• _Exercise_
What is needed is an exact copy of every entry below, with the pictures left out.

• _Data shown_
=== Begin Enclosure ===
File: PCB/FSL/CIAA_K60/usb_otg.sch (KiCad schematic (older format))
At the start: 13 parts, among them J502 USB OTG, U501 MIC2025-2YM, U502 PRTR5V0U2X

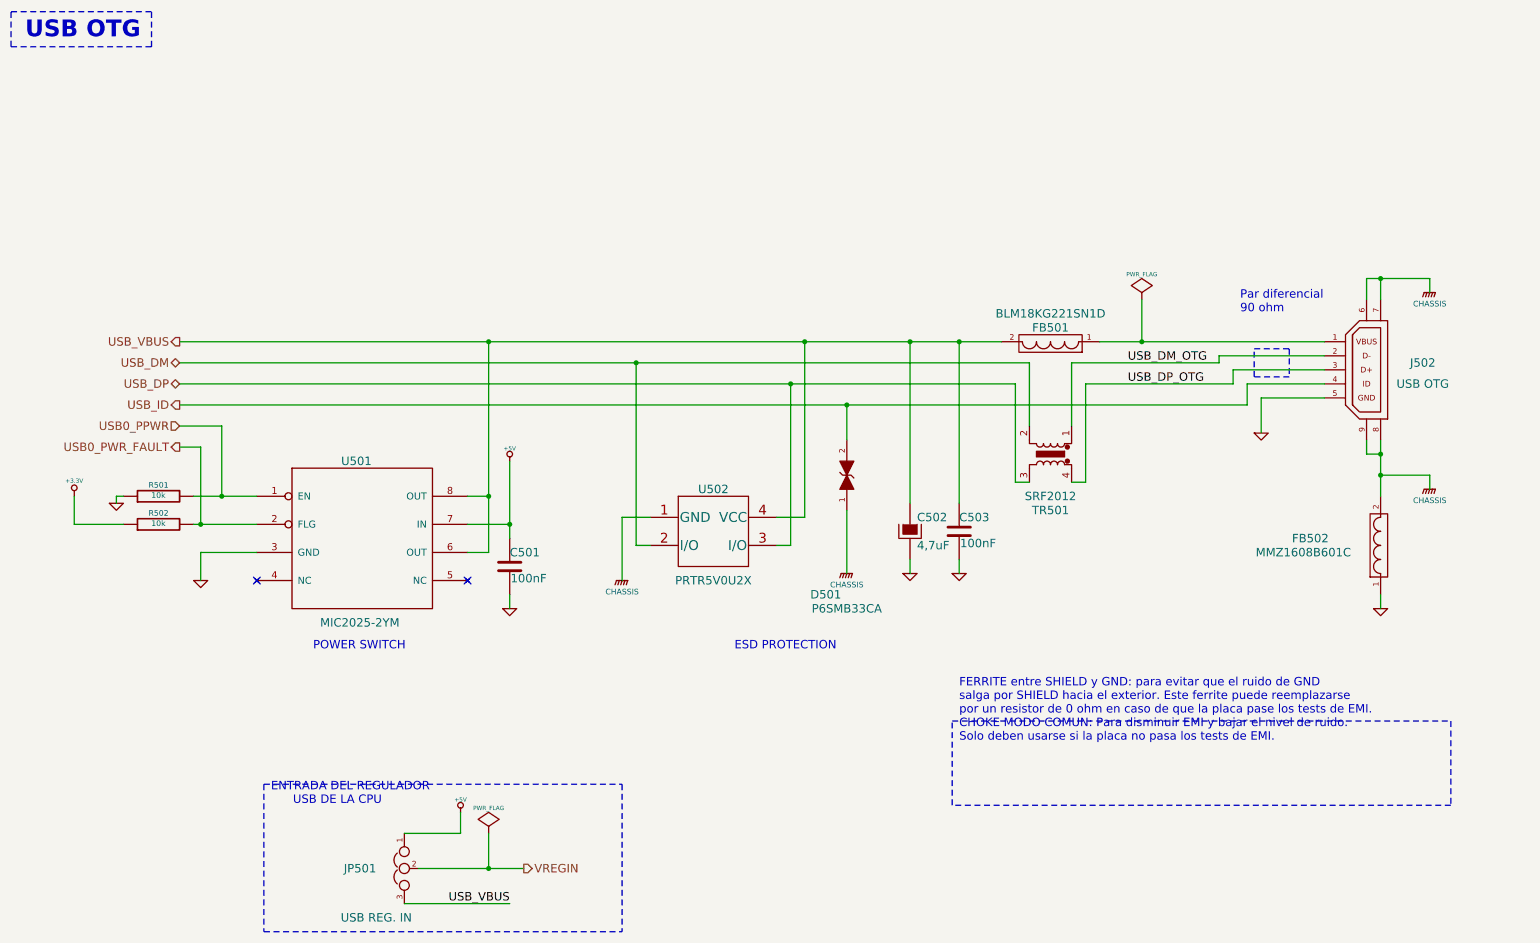
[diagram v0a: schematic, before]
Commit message: Actualizacion de esquematicos. Circuito impreso y modelos 3D
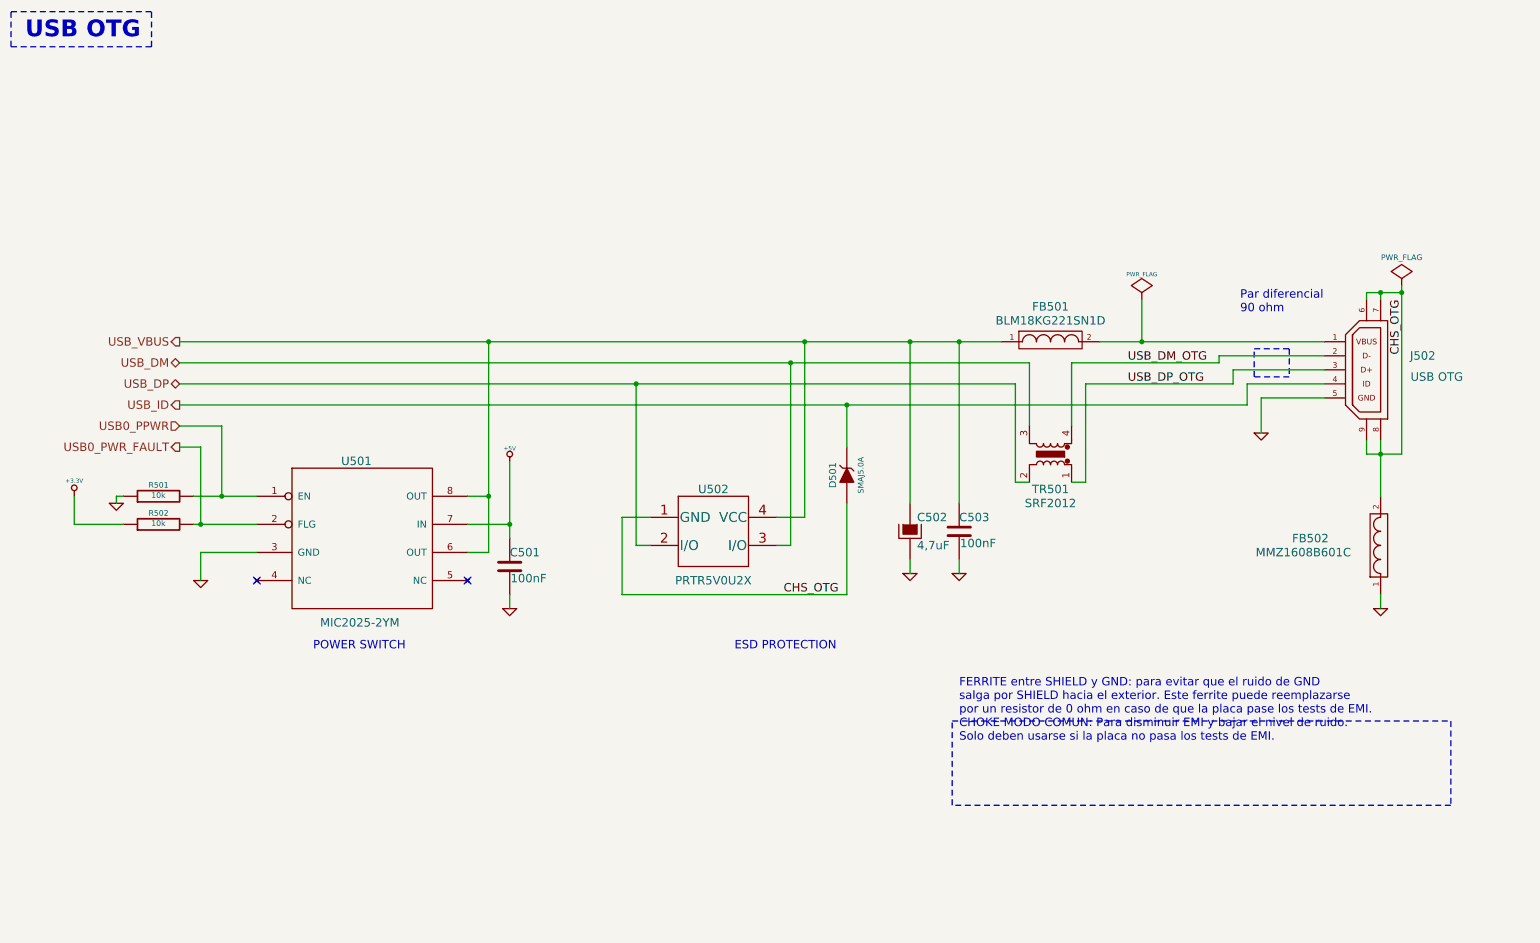
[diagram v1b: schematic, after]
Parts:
- removed D501: P6SMB33CA, DO-214AA_SMB, symbol TVS
- removed JP501: USB REG. IN, PIN_ARRAY_3x1, symbol JUMPER3
- added D501: SMAJ5.0A, DO-214AC_SMA, symbol ZENER
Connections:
- net USB_DM: now also TR501.3, U502.3 (I/O); no longer TR501.2, U502.2 (I/O)
- net USB_DM_OTG: now also TR501.4; no longer TR501.1
- net USB_DP: now also TR501.2, U502.2 (I/O); no longer TR501.3, U502.3 (I/O)
- net USB_DP_OTG: now also TR501.1; no longer TR501.4
- net USB_ID: now also D501.2 (K)
- net USB_VBUS: now also FB501.1; no longer FB501.2
- net at J502.1 (VBUS): now also FB501.2; no longer FB501.1
- net GNDPWR renamed CHS_OTG
- net CHS_OTG: now also D501.1 (A)
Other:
- note removed: "ENTRADA DEL REGULADOR\n USB DE LA CPU"

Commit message: Actualizacion de Licencia y avances
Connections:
- net USB_DM: now also U502.2 (I/O); no longer U502.3 (I/O)
- net USB_DP: now also U502.3 (I/O); no longer U502.2 (I/O)
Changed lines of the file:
@@
 Sheet 5 13
 Title "USB OTG"
-Date "24 jul 2014"
+Date "1 aug 2014"
 Rev "1.0"
 Comp "CIAA - COMPUTADORA INDUSTRIAL ABIERTA ARGENTINA. Versión FSL (Freescale K60)"
@@
 	6500 4700 4900 4700
 Wire Wire Line
-	5000 4350 5000 3200
-Connection ~ 5000 3200
-Wire Wire Line
-	6100 4350 6100 3050
-Connection ~ 6100 3050
+	6100 4350 6100 3200
+Connection ~ 6100 3200
+Wire Wire Line
+	5000 4350 5000 3050
+Connection ~ 5000 3050
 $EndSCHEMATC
=== End Enclosure ===
• _Solution for this problem_
File: PCB/FSL/CIAA_K60/usb_otg.sch (KiCad schematic (older format))
At the start: 13 parts, among them J502 USB OTG, U501 MIC2025-2YM, U502 PRTR5V0U2X

[diagram v0a: schematic, before]
Commit message: Actualizacion de esquematicos. Circuito impreso y modelos 3D
[diagram v1b: schematic, after]
Parts:
- removed D501: P6SMB33CA, DO-214AA_SMB, symbol TVS
- removed JP501: USB REG. IN, PIN_ARRAY_3x1, symbol JUMPER3
- added D501: SMAJ5.0A, DO-214AC_SMA, symbol ZENER
Connections:
- net USB_DM: now also TR501.3, U502.3 (I/O); no longer TR501.2, U502.2 (I/O)
- net USB_DM_OTG: now also TR501.4; no longer TR501.1
- net USB_DP: now also TR501.2, U502.2 (I/O); no longer TR501.3, U502.3 (I/O)
- net USB_DP_OTG: now also TR501.1; no longer TR501.4
- net USB_ID: now also D501.2 (K)
- net USB_VBUS: now also FB501.1; no longer FB501.2
- net at J502.1 (VBUS): now also FB501.2; no longer FB501.1
- net GNDPWR renamed CHS_OTG
- net CHS_OTG: now also D501.1 (A)
Other:
- note removed: "ENTRADA DEL REGULADOR\n USB DE LA CPU"

Commit message: Actualizacion de Licencia y avances
Connections:
- net USB_DM: now also U502.2 (I/O); no longer U502.3 (I/O)
- net USB_DP: now also U502.3 (I/O); no longer U502.2 (I/O)
Changed lines of the file:
@@
 Sheet 5 13
 Title "USB OTG"
-Date "24 jul 2014"
+Date "1 aug 2014"
 Rev "1.0"
 Comp "CIAA - COMPUTADORA INDUSTRIAL ABIERTA ARGENTINA. Versión FSL (Freescale K60)"
@@
 	6500 4700 4900 4700
 Wire Wire Line
-	5000 4350 5000 3200
-Connection ~ 5000 3200
-Wire Wire Line
-	6100 4350 6100 3050
-Connection ~ 6100 3050
+	6100 4350 6100 3200
+Connection ~ 6100 3200
+Wire Wire Line
+	5000 4350 5000 3050
+Connection ~ 5000 3050
 $EndSCHEMATC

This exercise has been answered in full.